[Records shown]

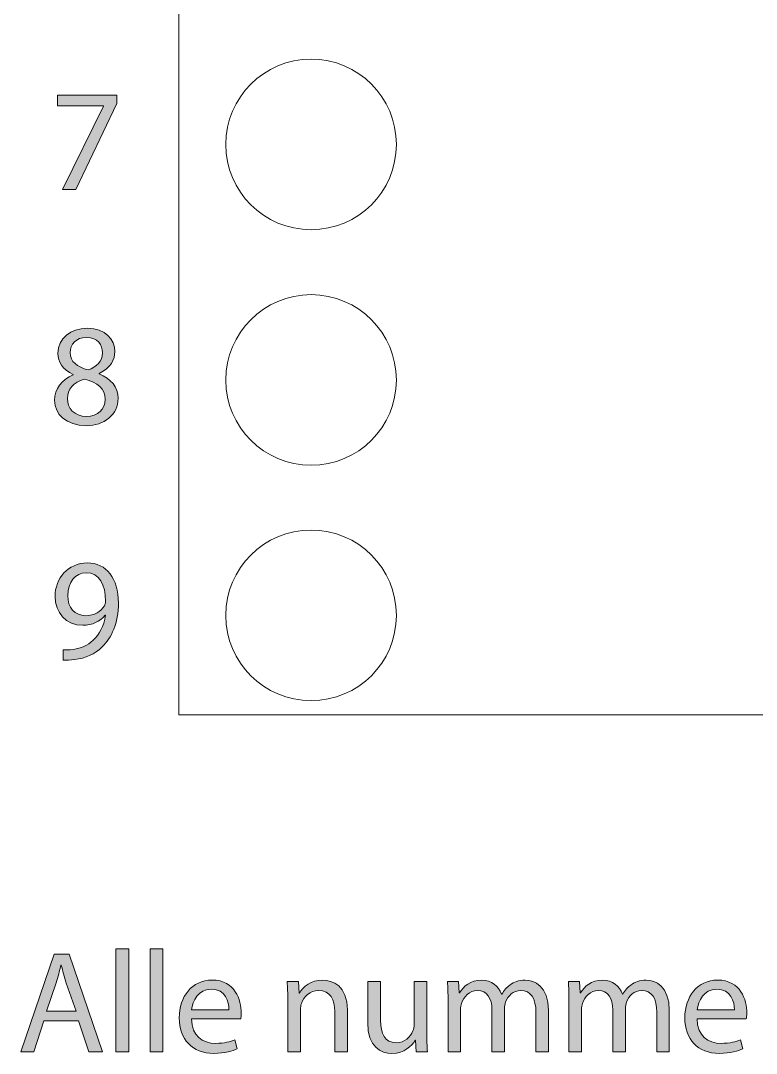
# Model space of a CAD drawing. Header units: inches. Extents: x -125.9 to -87.9, y -135.7 to -95.
# Drawn here: x -119.06 to -110.67, y -135.34 to -123.57 of the extents above; entities that cross this region are included whole.
import ezdxf

# ---------------------------------------------------------------- set-up
doc = ezdxf.new("R2010")
doc.units = ezdxf.units.IN
doc.header["$MEASUREMENT"] = 0
doc.layers.add('Layer 1', color=7, linetype='Continuous')

# ---------------------------------------------------------------- blocks, each defined once
blk = doc.blocks.new('block 3')
at = {"layer": 'Layer 1', "color": 4, "lineweight": 13}
for points in [[(-114.776, -124.982), (-114.776, -125.519), (-115.211, -125.954), (-115.748, -125.954), (-116.285, -125.954), (-116.72, -125.519), (-116.72, -124.982), (-116.72, -124.445), (-116.285, -124.01), (-115.748, -124.01), (-115.211, -124.01), (-114.776, -124.445), (-114.776, -124.982)], [(-114.776, -127.667), (-114.776, -128.203), (-115.211, -128.638), (-115.748, -128.638), (-116.285, -128.638), (-116.72, -128.203), (-116.72, -127.667), (-116.72, -127.13), (-116.285, -126.694), (-115.748, -126.694), (-115.211, -126.694), (-114.776, -127.13), (-114.776, -127.667)], [(-114.776, -130.348), (-114.776, -130.885), (-115.211, -131.32), (-115.748, -131.32), (-116.285, -131.32), (-116.72, -130.885), (-116.72, -130.348), (-116.72, -129.811), (-116.285, -129.376), (-115.748, -129.376), (-115.211, -129.376), (-114.776, -129.811), (-114.776, -130.348)]]:
    blk.add_open_spline(points, degree=3, knots=[0, 0, 0, 0, 1, 1, 1, 2, 2, 2, 3, 3, 3, 4, 4, 4, 4], dxfattribs=at)
blk = doc.blocks.new('block 13')
at = {"layer": 'Layer 1'}
h = blk.add_hatch(color=7, dxfattribs=at)
h.dxf.hatch_style = 2
h.paths.add_polyline_path([(-117.962, -124.421), (-117.962, -124.517), (-118.429, -125.495), (-118.58, -125.495), (-118.114, -124.545), (-118.114, -124.541), (-118.639, -124.541), (-118.639, -124.421)])
at = {"layer": 'Layer 1', "lineweight": 0}
blk.add_lwpolyline([(-117.962, -124.421), (-117.962, -124.517), (-118.429, -125.495), (-118.58, -125.495), (-118.114, -124.545), (-118.114, -124.541), (-118.639, -124.541), (-118.639, -124.421), (-117.962, -124.421)], dxfattribs=at)
blk = doc.blocks.new('block 14')
at = {"layer": 'Layer 1'}
h = blk.add_hatch(color=7, dxfattribs=at)
h.dxf.hatch_style = 2
edge = h.paths.add_edge_path()
edge.add_spline(control_points=[(-118.461, -127.604), (-118.582, -127.547), (-118.633, -127.455), (-118.633, -127.363), (-118.633, -127.192), (-118.489, -127.077), (-118.299, -127.077), (-118.091, -127.077), (-117.985, -127.206), (-117.985, -127.341), (-117.985, -127.432), (-118.031, -127.531), (-118.164, -127.592), (-118.164, -127.592), (-118.164, -127.597), (-118.164, -127.597), (-118.03, -127.65), (-117.947, -127.746), (-117.947, -127.875), (-117.947, -128.063), (-118.107, -128.187), (-118.312, -128.187), (-118.537, -128.187), (-118.672, -128.055), (-118.672, -127.898), (-118.672, -127.762), (-118.591, -127.665), (-118.459, -127.609), (-118.459, -127.609), (-118.461, -127.604), (-118.461, -127.604)], knot_values=[0, 0, 0, 0, 1, 1, 1, 2, 2, 2, 3, 3, 3, 4, 4, 4, 5, 5, 5, 6, 6, 6, 7, 7, 7, 8, 8, 8, 9, 9, 9, 10, 10, 10, 10], degree=3, periodic=1)
edge = h.paths.add_edge_path()
edge.add_spline(control_points=[(-118.094, -127.89), (-118.094, -127.761), (-118.185, -127.696), (-118.33, -127.655), (-118.456, -127.691), (-118.524, -127.776), (-118.524, -127.878), (-118.529, -127.985), (-118.446, -128.081), (-118.309, -128.081), (-118.178, -128.081), (-118.094, -128), (-118.094, -127.89)], knot_values=[0, 0, 0, 0, 1, 1, 1, 2, 2, 2, 3, 3, 3, 4, 4, 4, 4], degree=3, periodic=1)
edge = h.paths.add_edge_path()
edge.add_spline(control_points=[(-118.494, -127.353), (-118.496, -127.46), (-118.413, -127.518), (-118.289, -127.551), (-118.196, -127.52), (-118.125, -127.454), (-118.125, -127.356), (-118.125, -127.27), (-118.177, -127.181), (-118.307, -127.181), (-118.428, -127.181), (-118.494, -127.26), (-118.494, -127.353)], knot_values=[0, 0, 0, 0, 1, 1, 1, 2, 2, 2, 3, 3, 3, 4, 4, 4, 4], degree=3, periodic=1)
at = {"layer": 'Layer 1', "lineweight": 0}
for points, knots in [([(-118.461, -127.604), (-118.582, -127.547), (-118.633, -127.455), (-118.633, -127.363), (-118.633, -127.192), (-118.489, -127.077), (-118.299, -127.077), (-118.091, -127.077), (-117.985, -127.206), (-117.985, -127.341), (-117.985, -127.432), (-118.031, -127.531), (-118.164, -127.592), (-118.164, -127.592), (-118.164, -127.597), (-118.164, -127.597), (-118.03, -127.65), (-117.947, -127.746), (-117.947, -127.875), (-117.947, -128.063), (-118.107, -128.187), (-118.312, -128.187), (-118.537, -128.187), (-118.672, -128.055), (-118.672, -127.898), (-118.672, -127.762), (-118.591, -127.665), (-118.459, -127.609), (-118.459, -127.609), (-118.461, -127.604), (-118.461, -127.604)], [0, 0, 0, 0, 1, 1, 1, 2, 2, 2, 3, 3, 3, 4, 4, 4, 5, 5, 5, 6, 6, 6, 7, 7, 7, 8, 8, 8, 9, 9, 9, 10, 10, 10, 10]), ([(-118.494, -127.353), (-118.496, -127.46), (-118.413, -127.518), (-118.289, -127.551), (-118.196, -127.52), (-118.125, -127.454), (-118.125, -127.356), (-118.125, -127.27), (-118.177, -127.181), (-118.307, -127.181), (-118.428, -127.181), (-118.494, -127.26), (-118.494, -127.353)], [0, 0, 0, 0, 1, 1, 1, 2, 2, 2, 3, 3, 3, 4, 4, 4, 4]), ([(-118.094, -127.89), (-118.094, -127.761), (-118.185, -127.696), (-118.33, -127.655), (-118.456, -127.691), (-118.524, -127.776), (-118.524, -127.878), (-118.529, -127.985), (-118.446, -128.081), (-118.309, -128.081), (-118.178, -128.081), (-118.094, -128), (-118.094, -127.89)], [0, 0, 0, 0, 1, 1, 1, 2, 2, 2, 3, 3, 3, 4, 4, 4, 4])]:
    blk.add_open_spline(points, degree=3, knots=knots, dxfattribs=at)
blk = doc.blocks.new('block 15')
at = {"layer": 'Layer 1'}
h = blk.add_hatch(color=7, dxfattribs=at)
h.dxf.hatch_style = 2
edge = h.paths.add_edge_path()
edge.add_spline(control_points=[(-118.575, -130.741), (-118.543, -130.744), (-118.507, -130.741), (-118.458, -130.736), (-118.373, -130.724), (-118.294, -130.691), (-118.233, -130.632), (-118.162, -130.567), (-118.11, -130.473), (-118.091, -130.347), (-118.091, -130.347), (-118.096, -130.347), (-118.096, -130.347), (-118.155, -130.42), (-118.241, -130.461), (-118.35, -130.461), (-118.542, -130.461), (-118.666, -130.316), (-118.666, -130.132), (-118.666, -129.929), (-118.519, -129.751), (-118.299, -129.751), (-118.079, -129.751), (-117.944, -129.928), (-117.944, -130.205), (-117.944, -130.44), (-118.023, -130.605), (-118.129, -130.707), (-118.211, -130.789), (-118.325, -130.838), (-118.441, -130.851), (-118.494, -130.86), (-118.54, -130.861), (-118.575, -130.86), (-118.575, -130.86), (-118.575, -130.741), (-118.575, -130.741)], knot_values=[0, 0, 0, 0, 1, 1, 1, 2, 2, 2, 3, 3, 3, 4, 4, 4, 5, 5, 5, 6, 6, 6, 7, 7, 7, 8, 8, 8, 9, 9, 9, 10, 10, 10, 11, 11, 11, 12, 12, 12, 12], degree=3, periodic=1)
edge = h.paths.add_edge_path()
edge.add_spline(control_points=[(-118.522, -130.124), (-118.522, -130.258), (-118.441, -130.352), (-118.315, -130.352), (-118.218, -130.352), (-118.142, -130.304), (-118.104, -130.24), (-118.096, -130.225), (-118.091, -130.21), (-118.091, -130.186), (-118.091, -130.002), (-118.159, -129.862), (-118.312, -129.862), (-118.434, -129.862), (-118.522, -129.971), (-118.522, -130.124)], knot_values=[0, 0, 0, 0, 1, 1, 1, 2, 2, 2, 3, 3, 3, 4, 4, 4, 5, 5, 5, 5], degree=3, periodic=1)
at = {"layer": 'Layer 1', "lineweight": 0}
for points, knots in [([(-118.575, -130.741), (-118.543, -130.744), (-118.507, -130.741), (-118.458, -130.736), (-118.373, -130.724), (-118.294, -130.691), (-118.233, -130.632), (-118.162, -130.567), (-118.11, -130.473), (-118.091, -130.347), (-118.091, -130.347), (-118.096, -130.347), (-118.096, -130.347), (-118.155, -130.42), (-118.241, -130.461), (-118.35, -130.461), (-118.542, -130.461), (-118.666, -130.316), (-118.666, -130.132), (-118.666, -129.929), (-118.519, -129.751), (-118.299, -129.751), (-118.079, -129.751), (-117.944, -129.928), (-117.944, -130.205), (-117.944, -130.44), (-118.023, -130.605), (-118.129, -130.707), (-118.211, -130.789), (-118.325, -130.838), (-118.441, -130.851), (-118.494, -130.86), (-118.54, -130.861), (-118.575, -130.86), (-118.575, -130.86), (-118.575, -130.741), (-118.575, -130.741)], [0, 0, 0, 0, 1, 1, 1, 2, 2, 2, 3, 3, 3, 4, 4, 4, 5, 5, 5, 6, 6, 6, 7, 7, 7, 8, 8, 8, 9, 9, 9, 10, 10, 10, 11, 11, 11, 12, 12, 12, 12]), ([(-118.522, -130.124), (-118.522, -130.258), (-118.441, -130.352), (-118.315, -130.352), (-118.218, -130.352), (-118.142, -130.304), (-118.104, -130.24), (-118.096, -130.225), (-118.091, -130.21), (-118.091, -130.186), (-118.091, -130.002), (-118.159, -129.862), (-118.312, -129.862), (-118.434, -129.862), (-118.522, -129.971), (-118.522, -130.124)], [0, 0, 0, 0, 1, 1, 1, 2, 2, 2, 3, 3, 3, 4, 4, 4, 5, 5, 5, 5])]:
    blk.add_open_spline(points, degree=3, knots=knots, dxfattribs=at)
blk = doc.blocks.new('block 29')
at = {"layer": 'Layer 1'}
h = blk.add_hatch(color=7, dxfattribs=at)
h.dxf.hatch_style = 2
h.paths.add_polyline_path([(-118.794, -134.97), (-118.909, -135.32), (-119.058, -135.32), (-118.678, -134.207), (-118.506, -134.207), (-118.126, -135.32), (-118.28, -135.32), (-118.399, -134.97)])
edge = h.paths.add_edge_path()
edge.add_spline(control_points=[(-118.427, -134.858), (-118.427, -134.858), (-118.538, -134.538), (-118.538, -134.538), (-118.562, -134.465), (-118.579, -134.399), (-118.596, -134.334), (-118.596, -134.334), (-118.599, -134.334), (-118.599, -134.334), (-118.615, -134.399), (-118.632, -134.468), (-118.655, -134.536), (-118.655, -134.536), (-118.764, -134.858), (-118.764, -134.858), (-118.764, -134.858), (-118.427, -134.858), (-118.427, -134.858)], knot_values=[0, 0, 0, 0, 1, 1, 1, 2, 2, 2, 3, 3, 3, 4, 4, 4, 5, 5, 5, 6, 6, 6, 6], degree=3, periodic=1)
h = blk.add_hatch(color=7, dxfattribs=at)
h.dxf.hatch_style = 2
h.paths.add_polyline_path([(-117.973, -134.148), (-117.827, -134.148), (-117.827, -135.32), (-117.973, -135.32)])
h = blk.add_hatch(color=7, dxfattribs=at)
h.dxf.hatch_style = 2
h.paths.add_polyline_path([(-117.583, -134.148), (-117.437, -134.148), (-117.437, -135.32), (-117.583, -135.32)])
h = blk.add_hatch(color=7, dxfattribs=at)
h.dxf.hatch_style = 2
edge = h.paths.add_edge_path()
edge.add_spline(control_points=[(-117.112, -134.947), (-117.109, -135.144), (-116.985, -135.225), (-116.837, -135.225), (-116.733, -135.225), (-116.669, -135.207), (-116.616, -135.183), (-116.616, -135.183), (-116.59, -135.288), (-116.59, -135.288), (-116.641, -135.311), (-116.73, -135.339), (-116.857, -135.339), (-117.104, -135.339), (-117.251, -135.175), (-117.251, -134.934), (-117.251, -134.693), (-117.109, -134.504), (-116.876, -134.504), (-116.613, -134.504), (-116.545, -134.732), (-116.545, -134.879), (-116.545, -134.909), (-116.547, -134.93), (-116.55, -134.947), (-116.55, -134.947), (-117.112, -134.947), (-117.112, -134.947)], knot_values=[0, 0, 0, 0, 1, 1, 1, 2, 2, 2, 3, 3, 3, 4, 4, 4, 5, 5, 5, 6, 6, 6, 7, 7, 7, 8, 8, 8, 9, 9, 9, 9], degree=3, periodic=1)
edge = h.paths.add_edge_path()
edge.add_spline(control_points=[(-116.686, -134.843), (-116.684, -134.752), (-116.723, -134.608), (-116.887, -134.608), (-117.036, -134.608), (-117.098, -134.742), (-117.11, -134.843), (-117.11, -134.843), (-116.686, -134.843), (-116.686, -134.843)], knot_values=[0, 0, 0, 0, 1, 1, 1, 2, 2, 2, 3, 3, 3, 3], degree=3, periodic=1)
h = blk.add_hatch(color=7, dxfattribs=at)
h.dxf.hatch_style = 2
edge = h.paths.add_edge_path()
edge.add_spline(control_points=[(-116.014, -134.737), (-116.014, -134.653), (-116.016, -134.587), (-116.021, -134.521), (-116.021, -134.521), (-115.892, -134.521), (-115.892, -134.521), (-115.892, -134.521), (-115.884, -134.653), (-115.884, -134.653), (-115.884, -134.653), (-115.881, -134.653), (-115.881, -134.653), (-115.841, -134.579), (-115.749, -134.504), (-115.616, -134.504), (-115.506, -134.504), (-115.334, -134.57), (-115.334, -134.844), (-115.334, -134.844), (-115.334, -135.32), (-115.334, -135.32), (-115.334, -135.32), (-115.479, -135.32), (-115.479, -135.32), (-115.479, -135.32), (-115.479, -134.859), (-115.479, -134.859), (-115.479, -134.731), (-115.527, -134.623), (-115.664, -134.623), (-115.759, -134.623), (-115.833, -134.691), (-115.859, -134.772), (-115.866, -134.79), (-115.869, -134.815), (-115.869, -134.84), (-115.869, -134.84), (-115.869, -135.32), (-115.869, -135.32), (-115.869, -135.32), (-116.014, -135.32), (-116.014, -135.32), (-116.014, -135.32), (-116.014, -134.737), (-116.014, -134.737)], knot_values=[0, 0, 0, 0, 1, 1, 1, 2, 2, 2, 3, 3, 3, 4, 4, 4, 5, 5, 5, 6, 6, 6, 7, 7, 7, 8, 8, 8, 9, 9, 9, 10, 10, 10, 11, 11, 11, 12, 12, 12, 13, 13, 13, 14, 14, 14, 15, 15, 15, 15], degree=3, periodic=1)
h = blk.add_hatch(color=7, dxfattribs=at)
h.dxf.hatch_style = 2
edge = h.paths.add_edge_path()
edge.add_spline(control_points=[(-114.429, -135.101), (-114.429, -135.185), (-114.427, -135.258), (-114.422, -135.32), (-114.422, -135.32), (-114.551, -135.32), (-114.551, -135.32), (-114.551, -135.32), (-114.559, -135.19), (-114.559, -135.19), (-114.559, -135.19), (-114.563, -135.19), (-114.563, -135.19), (-114.599, -135.254), (-114.685, -135.339), (-114.827, -135.339), (-114.952, -135.339), (-115.103, -135.268), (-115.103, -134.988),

[/Records shown]

Every line of the listing that includes "ezdxf" must be shown.

§ Task result:
import ezdxf
doc = ezdxf.new("R2010")
doc.units = ezdxf.units.IN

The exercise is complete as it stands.